Below are the records; copy exactly the lines from the first through the one containing "doc.units = ezdxf.units.MM", both included, and leave out the pictures.
[Opening Material supplied section]
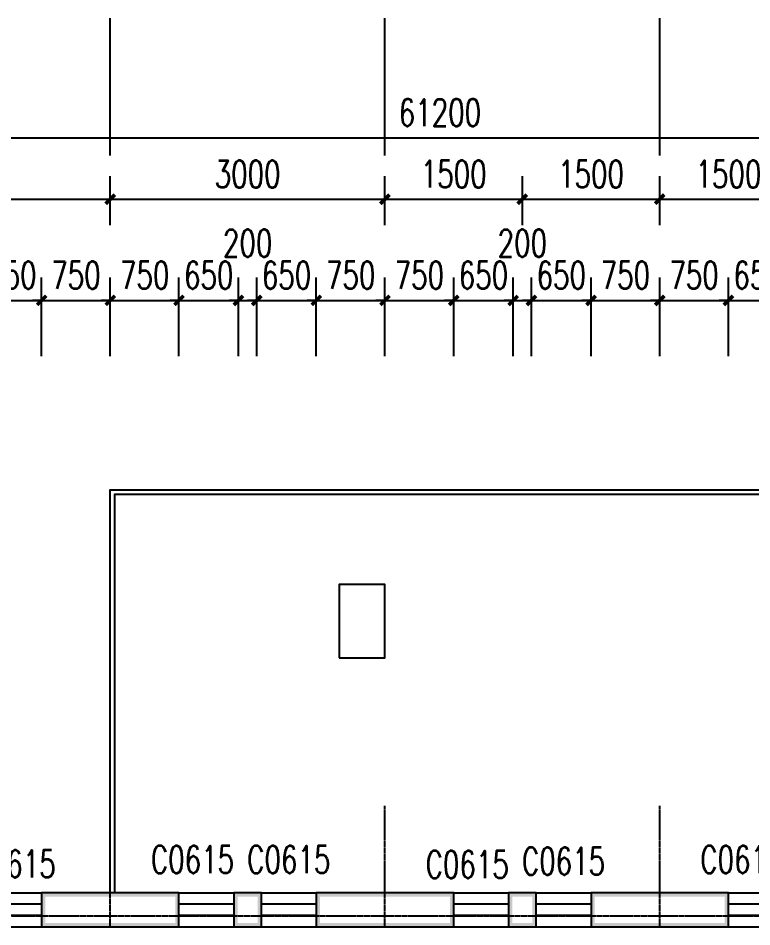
# Model space of a CAD drawing. Header units: millimetres. Extents: x -150677 to 588340, y -254013 to 149700.
# Drawn here: x 174207 to 182219, y 55833 to 65748 of the extents above; entities that cross this region are included whole.
import ezdxf

# ---------------------------------------------------------------- set-up
doc = ezdxf.new("R2010")
doc.units = ezdxf.units.MM
doc.header["$LTSCALE"] = 10
doc.header["$MEASUREMENT"] = 0
doc.linetypes.add('DOTE', pattern=[2.42, 2, -0.2, 0.02, -0.2])
for name, color, linetype in [('DOTE', 1, 'Continuous'), ('PUB_DIM', 3, 'Continuous'), ('PUB_WALL', 9, 'Continuous'), ('WALL', 9, 'Continuous'), ('WINDOW', 4, 'Continuous'), ('WINDOW_TEXT', 7, 'Continuous')]:
    doc.layers.add(name, color=color, linetype=linetype)
doc.styles.add('_TCH_DIM_T3', font='SIMPLEX', dxfattribs={"width": 0.705882, "bigfont": 'GBCBIG'})
doc.styles.add('_TCH_WINDOW', font='SIMPLEX', dxfattribs={"bigfont": 'GBCBIG'})
doc.dimstyles.new('_TCH_ARCH&&100', dxfattribs={"dimtxt": 297.5, "dimasz": 100, "dimexe": 250, "dimexo": 300, "dimgap": 126.25, "dimtad": 1, "dimdec": 0, "dimzin": 0, "dimdsep": 46, "dimtxsty": '_TCH_DIM_T3', "dimblk": 'ARCHTICK', "dimcen": 0.09, "dimclrt": 7, "dimazin": 2, "dimtfac": 1, "dimtdec": 0, "dimtix": 1, "dimtmove": 2, "dimatfit": 3, "dimfxl": 1, "dimtolj": 1, "dimtzin": 0, "dimarcsym": 0})

# ---------------------------------------------------------------- blocks, each defined once
blk = doc.blocks.new('_ArchTick')
at = {"color": 0, "linetype": 'ByBlock', "const_width": 0.4}
blk.add_lwpolyline([(-0.5, -0.5), (0.5, 0.5)], dxfattribs=at)
blk = doc.blocks.new('*D110')
at = {"layer": 'Defpoints', "color": 0, "transparency": 16777216}
for p in [(175213.1, 63772.8), (172213.1, 63190.9), (175213.1, 63190.9)]:
    blk.add_point(p, dxfattribs=at)
at = {"layer": 'PUB_DIM', "color": 0, "lineweight": -2, "transparency": 16777216}
for p, q in [((172213.1, 63490.9), (172213.1, 64022.8)), ((175213.1, 63490.9), (175213.1, 64022.8)), ((172213.1, 63772.8), (175213.1, 63772.8))]:
    blk.add_line(p, q, dxfattribs=at)
at = {"layer": 'PUB_DIM', "color": 0, "lineweight": -2, "transparency": 16777216, "xscale": 100, "yscale": 100, "zscale": 100, "rotation": 180}
blk.add_blockref('_ArchTick', (172213.1, 63772.8), dxfattribs=at)
at = {"layer": 'PUB_DIM', "color": 0, "lineweight": -2, "transparency": 16777216, "xscale": 100, "yscale": 100, "zscale": 100}
blk.add_blockref('_ArchTick', (175213.1, 63772.8), dxfattribs=at)
at = {"layer": 'PUB_DIM', "color": 7, "transparency": 16777216, "insert": (173713.1, 64047.8), "char_height": 297.5, "attachment_point": 5, "style": '_TCH_DIM_T3'}
blk.add_mtext('\\A1;3000', dxfattribs=at)
blk = doc.blocks.new('*D111')
at = {"layer": 'Defpoints', "color": 0, "transparency": 16777216}
for p in [(178213.1, 63772.8), (175213.1, 63190.9), (178213.1, 63190.9)]:
    blk.add_point(p, dxfattribs=at)
at = {"layer": 'PUB_DIM', "color": 0, "lineweight": -2, "transparency": 16777216}
for p, q in [((175213.1, 63490.9), (175213.1, 64022.8)), ((178213.1, 63490.9), (178213.1, 64022.8)), ((175213.1, 63772.8), (178213.1, 63772.8))]:
    blk.add_line(p, q, dxfattribs=at)
at = {"layer": 'PUB_DIM', "color": 0, "lineweight": -2, "transparency": 16777216, "xscale": 100, "yscale": 100, "zscale": 100, "rotation": 180}
blk.add_blockref('_ArchTick', (175213.1, 63772.8), dxfattribs=at)
at = {"layer": 'PUB_DIM', "color": 0, "lineweight": -2, "transparency": 16777216, "xscale": 100, "yscale": 100, "zscale": 100}
blk.add_blockref('_ArchTick', (178213.1, 63772.8), dxfattribs=at)
at = {"layer": 'PUB_DIM', "color": 7, "transparency": 16777216, "insert": (176713.1, 64047.8), "char_height": 297.5, "attachment_point": 5, "style": '_TCH_DIM_T3'}
blk.add_mtext('\\A1;3000', dxfattribs=at)
blk = doc.blocks.new('*D112')
at = {"layer": 'Defpoints', "color": 0, "transparency": 16777216}
for p in [(179713.1, 63772.8), (178213.1, 63190.9), (179713.1, 63190.9)]:
    blk.add_point(p, dxfattribs=at)
at = {"layer": 'PUB_DIM', "color": 0, "lineweight": -2, "transparency": 16777216}
for p, q in [((178213.1, 63490.9), (178213.1, 64022.8)), ((179713.1, 63490.9), (179713.1, 64022.8)), ((178213.1, 63772.8), (179713.1, 63772.8))]:
    blk.add_line(p, q, dxfattribs=at)
at = {"layer": 'PUB_DIM', "color": 0, "lineweight": -2, "transparency": 16777216, "xscale": 100, "yscale": 100, "zscale": 100, "rotation": 180}
blk.add_blockref('_ArchTick', (178213.1, 63772.8), dxfattribs=at)
at = {"layer": 'PUB_DIM', "color": 0, "lineweight": -2, "transparency": 16777216, "xscale": 100, "yscale": 100, "zscale": 100}
blk.add_blockref('_ArchTick', (179713.1, 63772.8), dxfattribs=at)
at = {"layer": 'PUB_DIM', "color": 7, "transparency": 16777216, "insert": (178963.1, 64047.8), "char_height": 297.5, "attachment_point": 5, "style": '_TCH_DIM_T3'}
blk.add_mtext('\\A1;1500', dxfattribs=at)
blk = doc.blocks.new('*D113')
at = {"layer": 'Defpoints', "color": 0, "transparency": 16777216}
for p in [(181213.1, 63772.8), (179713.1, 63190.9), (181213.1, 63190.9)]:
    blk.add_point(p, dxfattribs=at)
at = {"layer": 'PUB_DIM', "color": 0, "lineweight": -2, "transparency": 16777216}
for p, q in [((179713.1, 63490.9), (179713.1, 64022.8)), ((181213.1, 63490.9), (181213.1, 64022.8)), ((179713.1, 63772.8), (181213.1, 63772.8))]:
    blk.add_line(p, q, dxfattribs=at)
at = {"layer": 'PUB_DIM', "color": 0, "lineweight": -2, "transparency": 16777216, "xscale": 100, "yscale": 100, "zscale": 100, "rotation": 180}
blk.add_blockref('_ArchTick', (179713.1, 63772.8), dxfattribs=at)
at = {"layer": 'PUB_DIM', "color": 0, "lineweight": -2, "transparency": 16777216, "xscale": 100, "yscale": 100, "zscale": 100}
blk.add_blockref('_ArchTick', (181213.1, 63772.8), dxfattribs=at)
at = {"layer": 'PUB_DIM', "color": 7, "transparency": 16777216, "insert": (180463.1, 64047.8), "char_height": 297.5, "attachment_point": 5, "style": '_TCH_DIM_T3'}
blk.add_mtext('\\A1;1500', dxfattribs=at)
blk = doc.blocks.new('*D114')
at = {"layer": 'Defpoints', "color": 0, "transparency": 16777216}
for p in [(182713.1, 63772.8), (181213.1, 63190.9), (182713.1, 63190.9)]:
    blk.add_point(p, dxfattribs=at)
at = {"layer": 'PUB_DIM', "color": 0, "lineweight": -2, "transparency": 16777216}
for p, q in [((181213.1, 63490.9), (181213.1, 64022.8)), ((182713.1, 63490.9), (182713.1, 64022.8)), ((181213.1, 63772.8), (182713.1, 63772.8))]:
    blk.add_line(p, q, dxfattribs=at)
at = {"layer": 'PUB_DIM', "color": 0, "lineweight": -2, "transparency": 16777216, "xscale": 100, "yscale": 100, "zscale": 100, "rotation": 180}
blk.add_blockref('_ArchTick', (181213.1, 63772.8), dxfattribs=at)
at = {"layer": 'PUB_DIM', "color": 0, "lineweight": -2, "transparency": 16777216, "xscale": 100, "yscale": 100, "zscale": 100}
blk.add_blockref('_ArchTick', (182713.1, 63772.8), dxfattribs=at)
at = {"layer": 'PUB_DIM', "color": 7, "transparency": 16777216, "insert": (181963.1, 64047.8), "char_height": 297.5, "attachment_point": 5, "style": '_TCH_DIM_T3'}
blk.add_mtext('\\A1;1500', dxfattribs=at)
blk = doc.blocks.new('*D125')
at = {"layer": 'Defpoints', "color": 0, "transparency": 16777216}
for p in [(209413.1, 64442.3), (148213.1, 63660.2), (209413.1, 63660.2)]:
    blk.add_point(p, dxfattribs=at)
at = {"layer": 'PUB_DIM', "color": 0, "lineweight": -2, "transparency": 16777216}
for p, q in [((148213.1, 63960.2), (148213.1, 64692.3)), ((209413.1, 63960.2), (209413.1, 64692.3)), ((148213.1, 64442.3), (209413.1, 64442.3))]:
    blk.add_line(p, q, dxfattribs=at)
[Closing Material supplied section]
**Answer to this exercise**.
# Model space of a CAD drawing. Header units: millimetres. Extents: x -150677 to 588340, y -254013 to 149700.
# Drawn here: x 174207 to 182219, y 55833 to 65748 of the extents above; entities that cross this region are included whole.
import ezdxf

# ---------------------------------------------------------------- set-up
doc = ezdxf.new("R2010")
doc.units = ezdxf.units.MM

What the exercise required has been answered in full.